10. OOO A.C.- A Grande Enchente

 

(N.) Muitas luas se passaram desde a guerra e novos acontecimentos as acompanharam: D’ leh e Evolet guiaram os Iagala um novo vale, onde estava sempre sol. Neste vale, existia um lago belo e cristalino. Com a ajuda do lago e das técnicas de irrigação e plantio que aprenderam com os “egípcios” e com a tribo Naku, eles cultivaram plantas por todo o vale. Além disso, no vale existiam muitos animais (lobos, cães e até mannaks) que eles aprenderam a domesticar e que os ajudavam no dia a dia. O vale ainda contava com uma grande vantagem: por ser entre montanhas e só existir uma entrada/saída, ele era protegido dos inimigos.

(N.) Com o passar dos anos, eles passaram a desenvolver casas, planejaram a roda e começaram a planejar cidades.

(N.) Não foi só a tribo que se desenvolveu: D’ leh e Evolet criaram uma família: tiveram duas filhas e um filho, chamados Marinneh (a mais jovem, com 7 anos), Pinny (a filha do meio, com 11 anos) e Midraxe (o mais velho, com 17 anos). Por ser o único homem e o mais velho, Midraxe estava destinado a ser o líder da aldeia.

(C.D.) D’ leh e seu filho Midraxe, ensinando-o a caçar em uma parte mais afastada do vale.

- Tem que ficar bem abaixado, esperando até o animal se descuidar.

- E o que eu faço depois, pai?

- Quando encontrar o momento certo, você salta e prende o animal. Desse... Jeito!

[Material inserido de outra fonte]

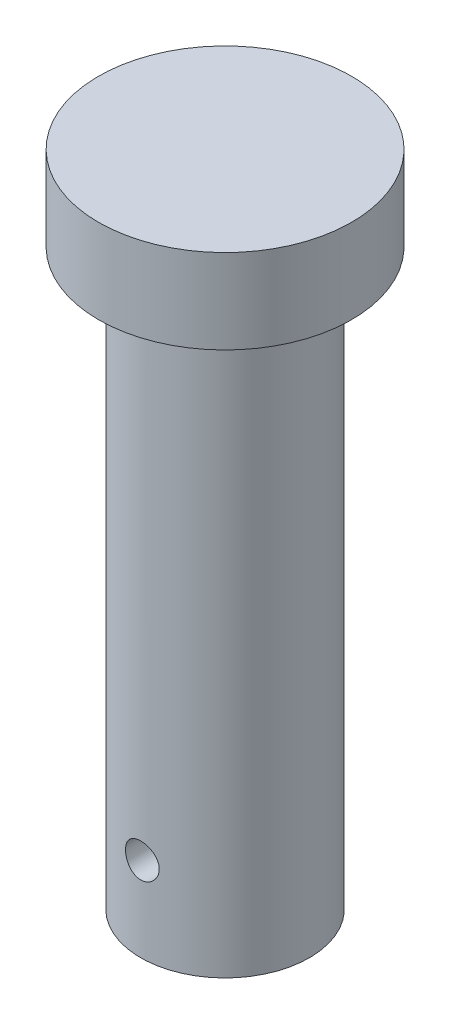
from build123d import *

# Parameters (mm, degrees)
CROQUIS1_R              = 22.5
SALIENTE_EXTRUIR1_DEPTH = 15
CROQUIS2_R              = 15
SALIENTE_EXTRUIR2_DEPTH = 102
CROQUIS3_R              = 3
CORTAR_EXTRUIR1_DEPTH   = 51


with BuildPart() as part:
    # Croquis1 → Saliente-Extruir1 (new body)
    with BuildSketch(Plane(origin=(0, 0, 0), x_dir=(1, 0, 0), z_dir=(0, 1, 0))):
        with Locations(Location((0, 0, 0), (0, 0, 270))):
            Circle(CROQUIS1_R)
    extrude(amount=-SALIENTE_EXTRUIR1_DEPTH)

    # Croquis2 → Saliente-Extruir2 (add)
    with BuildSketch(Plane.XZ.offset(15)):
        with Locations(Location((0, 0, 0), (0, 0, 270))):
            Circle(CROQUIS2_R)
    extrude(amount=SALIENTE_EXTRUIR2_DEPTH)

    # Croquis3 → Cortar-Extruir1 (cut, symmetric)
    with BuildSketch(Plane.XY):
        with Locations(Location((0, -102, 0), (0, 0, 269.999999956))):
            Circle(CROQUIS3_R)
    extrude(amount=CORTAR_EXTRUIR1_DEPTH, both=True, mode=Mode.SUBTRACT)


solid = part.part
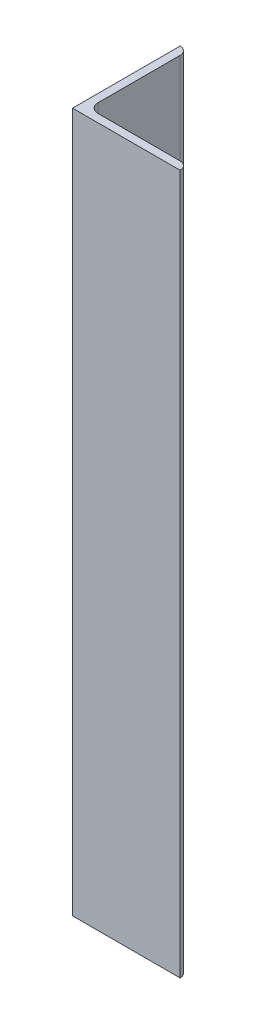
from build123d import *

# Parameters (mm, degrees)
IRON_V40X40X3_1_DEPTH = 260
CUT_EXTRUDE1_DEPTH    = 10


with BuildPart() as part:
    # Sketch1 → Iron V40X40X3(1) (new body)
    with BuildSketch(Plane(origin=(0, 0, 0), x_dir=(1, 0, 0), z_dir=(0, 1, 0))):
        with BuildLine():
            Line((0, 0), (0, 40))
            ThreePointArc((0, 40), (2.121320344, 39.121320344), (3, 37))
            Line((3, 37), (3, 6.5))
            ThreePointArc((3, 6.5), (4.025126266, 4.025126266), (6.5, 3))
            Line((6.5, 3), (37, 3))
            ThreePointArc((37, 3), (39.121320344, 2.121320344), (40, 0))
            Line((40, 0), (0, 0))
        make_face()
    extrude(amount=IRON_V40X40X3_1_DEPTH)

    # Sketch2 → Cut-Extrude1 (cut)
    with BuildSketch(Plane(origin=(0, 0, 0), x_dir=(0, 0, -1), z_dir=(1, 0, 0))):
        with BuildLine():
            Line((10.5, 55), (25.5, 55))
            ThreePointArc((25.5, 55), (30.5, 50), (25.5, 45))
            Line((25.5, 45), (10.5, 45))
            ThreePointArc((10.5, 45), (5.5, 50), (10.5, 55))
        make_face()
        with BuildLine():
            Line((10.5, 85), (25.5, 85))
            ThreePointArc((25.5, 85), (30.5, 80), (25.5, 75))
            Line((25.5, 75), (10.5, 75))
            ThreePointArc((10.5, 75), (5.5, 80), (10.5, 85))
        make_face()
    extrude(amount=CUT_EXTRUDE1_DEPTH, mode=Mode.SUBTRACT)


solid = part.part
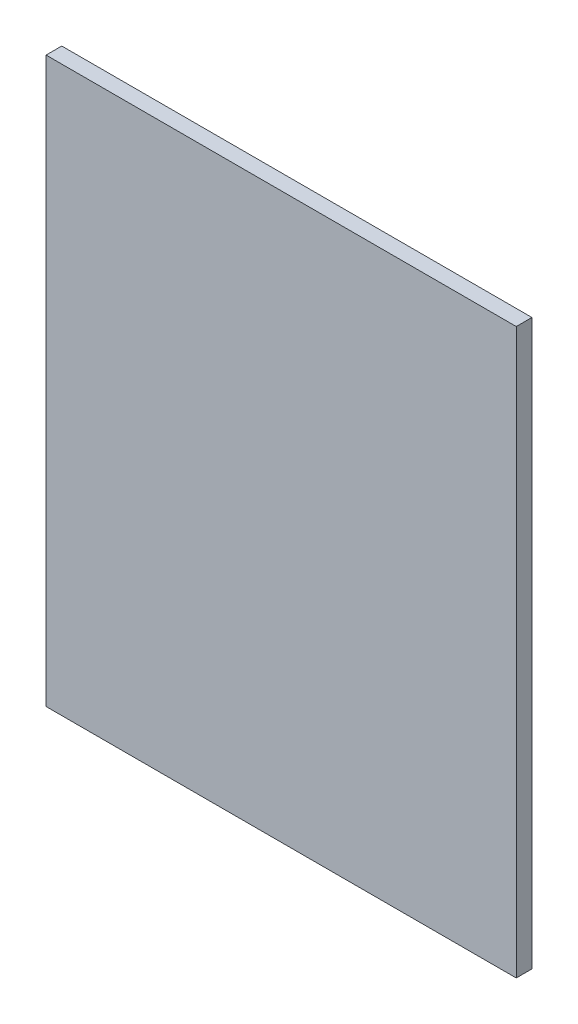
from build123d import *

# Parameters (mm, degrees)
SKETCH1_W           = 190.5
SKETCH1_H           = 228.6
BOSS_EXTRUDE1_DEPTH = 6.35


with BuildPart() as part:
    # Sketch1 → Boss-Extrude1 (new body)
    with BuildSketch(Plane.XY):
        with Locations((95.25, 114.3)):
            Rectangle(SKETCH1_W, SKETCH1_H)
    extrude(amount=BOSS_EXTRUDE1_DEPTH)


solid = part.part

(C.D.) Com esta deixa, D’ leh saltou sobre um cão selvagem, laçando seu pescoço e o amarrando em uma árvore. Midraxe, ao mesmo tempo admirado com seu pai e decepcionado consigo mesmo, disse:

- Eu nunca conseguirei fazer isso...

- É claro que vai! Você será em grande líder e um ótimo caçador!

- Mas... Mas eu não gosto de caçar! Eu prefiro cuidar dos animais! Eu... Eu consigo ouvi-los falar... (quase sussurrando)

(C.D.) D’ leh, surpreso, não sabia o que dizer. Foi bem neste momento que chega Baku gritando:

- Água! Água! Corram!

- O que ouve Baku? – Disse D’ leh, preocupado.

- Eu estava nas montanhas, procurando alguns animais. Foi quando eu vi! Veio daquela direção! (apontando pro leste) Também vi muita água caindo do céu junto dela! Deve ser isso que a criou! Escute! - Todos ficaram em silencio e escutaram.

- Parece o barulho de mil cascos! - Disse Midraxe.

- Corram! Corram! Água! Corram para as montanhas! - gritava D’ leh indo em direção ao centro do vale.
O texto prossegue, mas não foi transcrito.